I’ve just read the new proposals via @nlevett on Twitter and I have to say I am very impressed. If all these proposals are put through, grassroots football will change for the better.
However, there are two very big issues that need to be addressed no matter what changes are introduced. The first issue is the parents. No matter how many changes are made to the size of the pitches, goal posts or number of players in a team, the parents need to be educated or all of these proposals will not have the desired effect. Parents will ALWAYS have an influence on their children. Some parents will tell their kids they have to win and put unwanted and unnecessary pressure on young players. They receive praise and glory if they win and punishment if they don’t! Parents need to be informed why winning is not important for kids and how this unwanted pressure is leading to so many kids dropping out of the game they love. They also need to be informed of the effect some of their behaviour on a match day has on the players performance. Although the introduction of a pitch marshall could create a solution for the short term problems, educating parents and coaches about the effect of positive and negative contributions from the touchline would create a long term solution.
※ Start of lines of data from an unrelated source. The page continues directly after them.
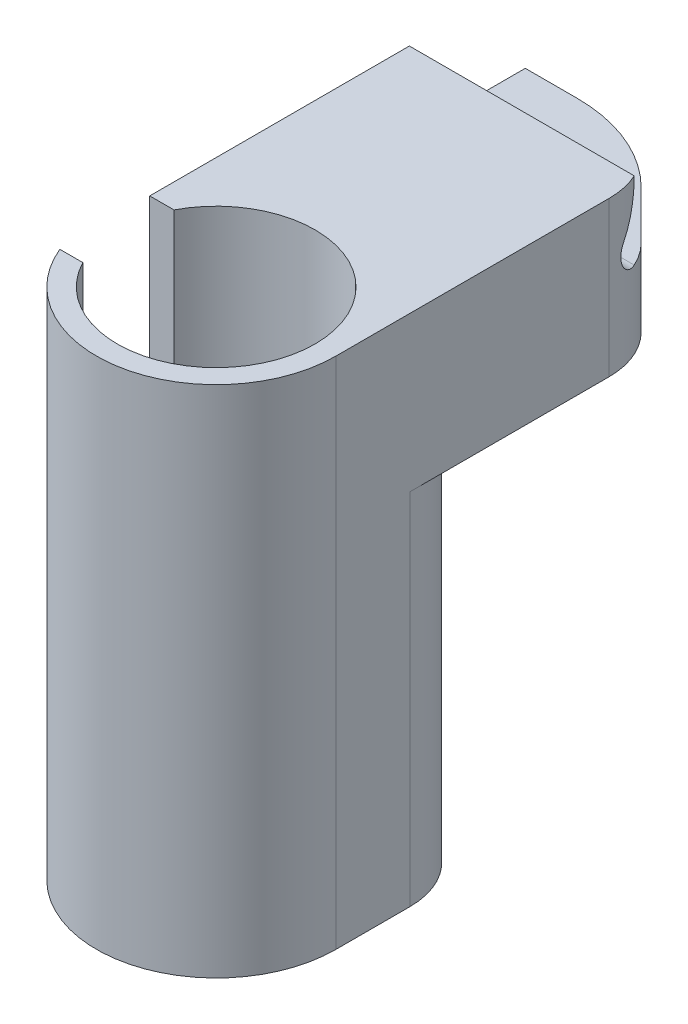
ISO-10303-21;
HEADER;
FILE_DESCRIPTION(('STEP AP214'),'2;1');
FILE_NAME('part.step','',(''),(''),'','','');
FILE_SCHEMA(('AUTOMOTIVE_DESIGN { 1 0 10303 214 1 1 1 1 }'));
ENDSEC;
DATA;
#1=APPLICATION_CONTEXT('core data for automotive mechanical design processes');
#2=APPLICATION_PROTOCOL_DEFINITION('international standard','automotive_design',2000,#1);
#3=PRODUCT_CONTEXT('',#1,'mechanical');
#4=PRODUCT('Part','Part','',(#3));
#5=PRODUCT_RELATED_PRODUCT_CATEGORY('part','',(#4));
#6=PRODUCT_DEFINITION_FORMATION('','',#4);
#7=PRODUCT_DEFINITION_CONTEXT('part definition',#1,'design');
#8=PRODUCT_DEFINITION('design','',#6,#7);
#9=PRODUCT_DEFINITION_SHAPE('','',#8);
#10=(LENGTH_UNIT() NAMED_UNIT(*) SI_UNIT(.MILLI.,.METRE.));
#11=(NAMED_UNIT(*) PLANE_ANGLE_UNIT() SI_UNIT($,.RADIAN.));
#12=(NAMED_UNIT(*) SI_UNIT($,.STERADIAN.) SOLID_ANGLE_UNIT());
#13=UNCERTAINTY_MEASURE_WITH_UNIT(LENGTH_MEASURE(1.E-05),#10,'distance_accuracy_value','');
#14=(GEOMETRIC_REPRESENTATION_CONTEXT(3) GLOBAL_UNCERTAINTY_ASSIGNED_CONTEXT((#13)) GLOBAL_UNIT_ASSIGNED_CONTEXT((#10,
#11,#12)) REPRESENTATION_CONTEXT('',''));
#15=CARTESIAN_POINT('',(0.,0.,0.));
#16=DIRECTION('',(0.,0.,1.));
#17=DIRECTION('',(1.,0.,0.));
#18=AXIS2_PLACEMENT_3D('',#15,#16,#17);
#19=CARTESIAN_POINT('',(-6.69669914110089,53.,-45.8884849389084));
#20=DIRECTION('',(0.,1.,0.));
#21=DIRECTION('',(0.,0.,1.));
#22=AXIS2_PLACEMENT_3D('',#19,#20,#21);
#23=PLANE('',#22);
#24=DIRECTION('',(-0.707106781186548,0.,-0.707106781186548));
#25=VECTOR('',#24,1.);
#26=CARTESIAN_POINT('',(0.500000000000012,53.,-54.5));
#27=LINE('',#26,#25);
#28=CARTESIAN_POINT('',(12.5710678118655,53.,-42.4289321881345));
#29=VERTEX_POINT('',#28);
#30=CARTESIAN_POINT('',(6.35786437626905,53.,-48.642135623731));
#31=VERTEX_POINT('',#30);
#32=EDGE_CURVE('E272',#29,#31,#27,.T.);
#33=ORIENTED_EDGE('',*,*,#32,.T.);
#34=CARTESIAN_POINT('',(-7.78427124746192,53.,-34.5));
#35=DIRECTION('',(0.,1.,0.));
#36=DIRECTION('',(-1.,0.,0.));
#37=AXIS2_PLACEMENT_3D('',#34,#35,#36);
#38=CIRCLE('',#37,20.);
#39=CARTESIAN_POINT('',(-7.78427124746192,53.,-54.5));
#40=VERTEX_POINT('',#39);
#41=EDGE_CURVE('E59',#31,#40,#38,.T.);
#42=ORIENTED_EDGE('',*,*,#41,.T.);
#43=DIRECTION('',(-1.,0.,0.));
#44=VECTOR('',#43,1.);
#45=CARTESIAN_POINT('',(-24.5,53.,-54.5));
#46=LINE('',#45,#44);
#47=CARTESIAN_POINT('',(-14.5,53.,-54.5));
#48=VERTEX_POINT('',#47);
#49=EDGE_CURVE('E231',#40,#48,#46,.T.);
#50=ORIENTED_EDGE('',*,*,#49,.T.);
#51=DIRECTION('',(0.,0.,-1.));
#52=VECTOR('',#51,1.);
#53=CARTESIAN_POINT('',(-14.5,53.,-19.5));
#54=LINE('',#53,#52);
#55=CARTESIAN_POINT('',(-14.5,53.,-39.5));
#56=VERTEX_POINT('',#55);
#57=EDGE_CURVE('E219',#56,#48,#54,.T.);
#58=ORIENTED_EDGE('',*,*,#57,.F.);
#59=DIRECTION('',(1.,0.,0.));
#60=VECTOR('',#59,1.);
#61=CARTESIAN_POINT('',(15.5,53.,-39.5));
#62=LINE('',#61,#60);
#63=CARTESIAN_POINT('',(14.6017972112446,53.,-39.5));
#64=VERTEX_POINT('',#63);
#65=EDGE_CURVE('E271',#56,#64,#62,.T.);
#66=ORIENTED_EDGE('',*,*,#65,.T.);
#67=CARTESIAN_POINT('',(5.5,53.,-35.357864376269));
#68=DIRECTION('',(0.,-1.,0.));
#69=DIRECTION('',(0.923879532511287,0.,-0.38268343236509));
#70=AXIS2_PLACEMENT_3D('',#67,#68,#69);
#71=CIRCLE('',#70,10.);
#72=EDGE_CURVE('E284',#29,#64,#71,.T.);
#73=ORIENTED_EDGE('',*,*,#72,.F.);
#74=EDGE_LOOP('',(#33,#42,#50,#58,#66,#73));
#75=FACE_BOUND('',#74,.T.);
#76=ADVANCED_FACE('F37',(#75),#23,.T.);
#77=CARTESIAN_POINT('',(0.500000000000007,43.,-54.5));
#78=DIRECTION('',(0.,0.,-1.));
#79=DIRECTION('',(-1.,0.,0.));
#80=AXIS2_PLACEMENT_3D('',#77,#78,#79);
#81=PLANE('',#80);
#82=ORIENTED_EDGE('',*,*,#49,.F.);
#83=DIRECTION('',(0.,1.,0.));
#84=VECTOR('',#83,1.);
#85=CARTESIAN_POINT('',(-7.78427124746193,43.,-54.5));
#86=LINE('',#85,#84);
#87=CARTESIAN_POINT('',(-7.78427124746193,43.,-54.5));
#88=VERTEX_POINT('',#87);
#89=EDGE_CURVE('E45',#40,#88,#86,.F.);
#90=ORIENTED_EDGE('',*,*,#89,.T.);
#91=DIRECTION('',(1.,0.,0.));
#92=VECTOR('',#91,1.);
#93=CARTESIAN_POINT('',(-24.5,43.,-54.5));
#94=LINE('',#93,#92);
#95=CARTESIAN_POINT('',(-14.5,43.,-54.5));
#96=VERTEX_POINT('',#95);
#97=EDGE_CURVE('E279',#96,#88,#94,.T.);
#98=ORIENTED_EDGE('',*,*,#97,.F.);
#99=DIRECTION('',(0.,-1.,0.));
#100=VECTOR('',#99,1.);
#101=CARTESIAN_POINT('',(-14.5,43.,-54.5));
#102=LINE('',#101,#100);
#103=EDGE_CURVE('E268',#48,#96,#102,.T.);
#104=ORIENTED_EDGE('',*,*,#103,.F.);
#105=EDGE_LOOP('',(#82,#90,#98,#104));
#106=FACE_BOUND('',#105,.T.);
#107=ADVANCED_FACE('F376',(#106),#81,.T.);
#108=CARTESIAN_POINT('',(15.5,-3.5,-19.5));
#109=DIRECTION('',(0.,1.,0.));
#110=DIRECTION('',(-1.,0.,0.));
#111=AXIS2_PLACEMENT_3D('',#108,#109,#110);
#112=PLANE('',#111);
#113=CARTESIAN_POINT('',(0.,-3.5,0.));
#114=DIRECTION('',(0.,1.,0.));
#115=DIRECTION('',(-1.,0.,0.));
#116=AXIS2_PLACEMENT_3D('',#113,#114,#115);
#117=CIRCLE('',#116,1.75);
#118=CARTESIAN_POINT('',(1.75,-3.5,0.));
#119=VERTEX_POINT('',#118);
#120=EDGE_CURVE('E228',#119,#119,#117,.T.);
#121=ORIENTED_EDGE('',*,*,#120,.T.);
#122=EDGE_LOOP('',(#121));
#123=FACE_BOUND('',#122,.T.);
#124=DIRECTION('',(-1.,0.,0.));
#125=VECTOR('',#124,1.);
#126=CARTESIAN_POINT('',(15.5,-3.5,-19.5));
#127=LINE('',#126,#125);
#128=CARTESIAN_POINT('',(5.6,-3.5,-19.5));
#129=VERTEX_POINT('',#128);
#130=CARTESIAN_POINT('',(-5.6,-3.5,-19.5));
#131=VERTEX_POINT('',#130);
#132=EDGE_CURVE('E275',#129,#131,#127,.T.);
#133=ORIENTED_EDGE('',*,*,#132,.F.);
#134=CARTESIAN_POINT('',(5.6,-3.5,-9.6));
#135=DIRECTION('',(0.,1.,0.));
#136=DIRECTION('',(-1.,0.,0.));
#137=AXIS2_PLACEMENT_3D('',#134,#135,#136);
#138=CIRCLE('',#137,9.9);
#139=CARTESIAN_POINT('',(15.5,-3.5,-9.6));
#140=VERTEX_POINT('',#139);
#141=EDGE_CURVE('E442',#129,#140,#138,.F.);
#142=ORIENTED_EDGE('',*,*,#141,.T.);
#143=DIRECTION('',(0.,0.,-1.));
#144=VECTOR('',#143,1.);
#145=CARTESIAN_POINT('',(15.5,-3.5,-9.75));
#146=LINE('',#145,#144);
#147=CARTESIAN_POINT('',(15.5,-3.5,0.));
#148=VERTEX_POINT('',#147);
#149=EDGE_CURVE('E255',#148,#140,#146,.T.);
#150=ORIENTED_EDGE('',*,*,#149,.F.);
#151=CARTESIAN_POINT('',(0.,-3.5,0.));
#152=DIRECTION('',(0.,1.,0.));
#153=DIRECTION('',(1.,0.,0.));
#154=AXIS2_PLACEMENT_3D('',#151,#152,#153);
#155=CIRCLE('',#154,15.5);
#156=CARTESIAN_POINT('',(-14.3331782937351,-3.5,5.9));
#157=VERTEX_POINT('',#156);
#158=EDGE_CURVE('E242',#157,#148,#155,.T.);
#159=ORIENTED_EDGE('',*,*,#158,.F.);
#160=DIRECTION('',(1.,0.,0.));
#161=VECTOR('',#160,1.);
#162=CARTESIAN_POINT('',(3.07043135440727,-3.5,5.9));
#163=LINE('',#162,#161);
#164=CARTESIAN_POINT('',(-9.35913729118545,-3.5,5.9));
#165=VERTEX_POINT('',#164);
#166=EDGE_CURVE('E232',#157,#165,#163,.T.);
#167=ORIENTED_EDGE('',*,*,#166,.T.);
#168=DIRECTION('',(0.,0.,-1.));
#169=VECTOR('',#168,1.);
#170=CARTESIAN_POINT('',(-9.35913729118545,-3.5,-12.7));
#171=LINE('',#170,#169);
#172=CARTESIAN_POINT('',(-9.35913729118545,-3.5,-5.9));
#173=VERTEX_POINT('',#172);
#174=EDGE_CURVE('E259',#165,#173,#171,.T.);
#175=ORIENTED_EDGE('',*,*,#174,.T.);
#176=DIRECTION('',(-1.,0.,0.));
#177=VECTOR('',#176,1.);
#178=CARTESIAN_POINT('',(-0.306475740290573,-3.5,-5.9));
#179=LINE('',#178,#177);
#180=CARTESIAN_POINT('',(-15.5,-3.5,-5.9));
#181=VERTEX_POINT('',#180);
#182=EDGE_CURVE('E256',#173,#181,#179,.T.);
#183=ORIENTED_EDGE('',*,*,#182,.T.);
#184=DIRECTION('',(0.,0.,1.));
#185=VECTOR('',#184,1.);
#186=CARTESIAN_POINT('',(-15.5,-3.5,-19.5));
#187=LINE('',#186,#185);
#188=CARTESIAN_POINT('',(-15.5,-3.5,-9.6));
#189=VERTEX_POINT('',#188);
#190=EDGE_CURVE('E299',#189,#181,#187,.T.);
#191=ORIENTED_EDGE('',*,*,#190,.F.);
#192=CARTESIAN_POINT('',(-5.6,-3.5,-9.6));
#193=DIRECTION('',(0.,1.,0.));
#194=DIRECTION('',(-1.,0.,0.));
#195=AXIS2_PLACEMENT_3D('',#192,#193,#194);
#196=CIRCLE('',#195,9.9);
#197=EDGE_CURVE('E440',#189,#131,#196,.F.);
#198=ORIENTED_EDGE('',*,*,#197,.T.);
#199=EDGE_LOOP('',(#133,#142,#150,#159,#167,#175,#183,#191,#198));
#200=FACE_BOUND('',#199,.T.);
#201=ADVANCED_FACE('F405',(#123,#200),#112,.F.);
#202=CARTESIAN_POINT('',(-9.35913729118545,63.,-5.9));
#203=DIRECTION('',(1.,0.,0.));
#204=DIRECTION('',(0.,0.,1.));
#205=AXIS2_PLACEMENT_3D('',#202,#203,#204);
#206=PLANE('',#205);
#207=DIRECTION('',(0.,0.,1.));
#208=VECTOR('',#207,1.);
#209=CARTESIAN_POINT('',(-9.35913729118545,0.,-5.88075955233941));
#210=LINE('',#209,#208);
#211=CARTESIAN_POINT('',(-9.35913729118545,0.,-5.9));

The second big issue that needs to be dealt with is how new coaches are gaining experience. As soon as a coach gains his/her Level 1 badge, they are able to volunteer straight away. However, new coaches are usually given roles where they are coaching some of the most important years of a child’s development, with no experience or knowledge of how to coach players of that age (U7’s-U11’s). I believe that coaches that are experienced at teaching younger age groups should be given these roles. As a result, when volunteer coaches join to help out these younger age groups, they will receive guidance in the form of an experienced coach as a mentor. After a certain amount of time, the new coaches could then be given control of the coaching sessions with the experienced coach watching on and providing feedback after every session. This would also allow experienced coaches to inform new coaches of the importance of development over winning.
Overall, the changes that will hopefully be enforced are a positive movement towards improving the coaching and development of younger age groups and I hope they are put through.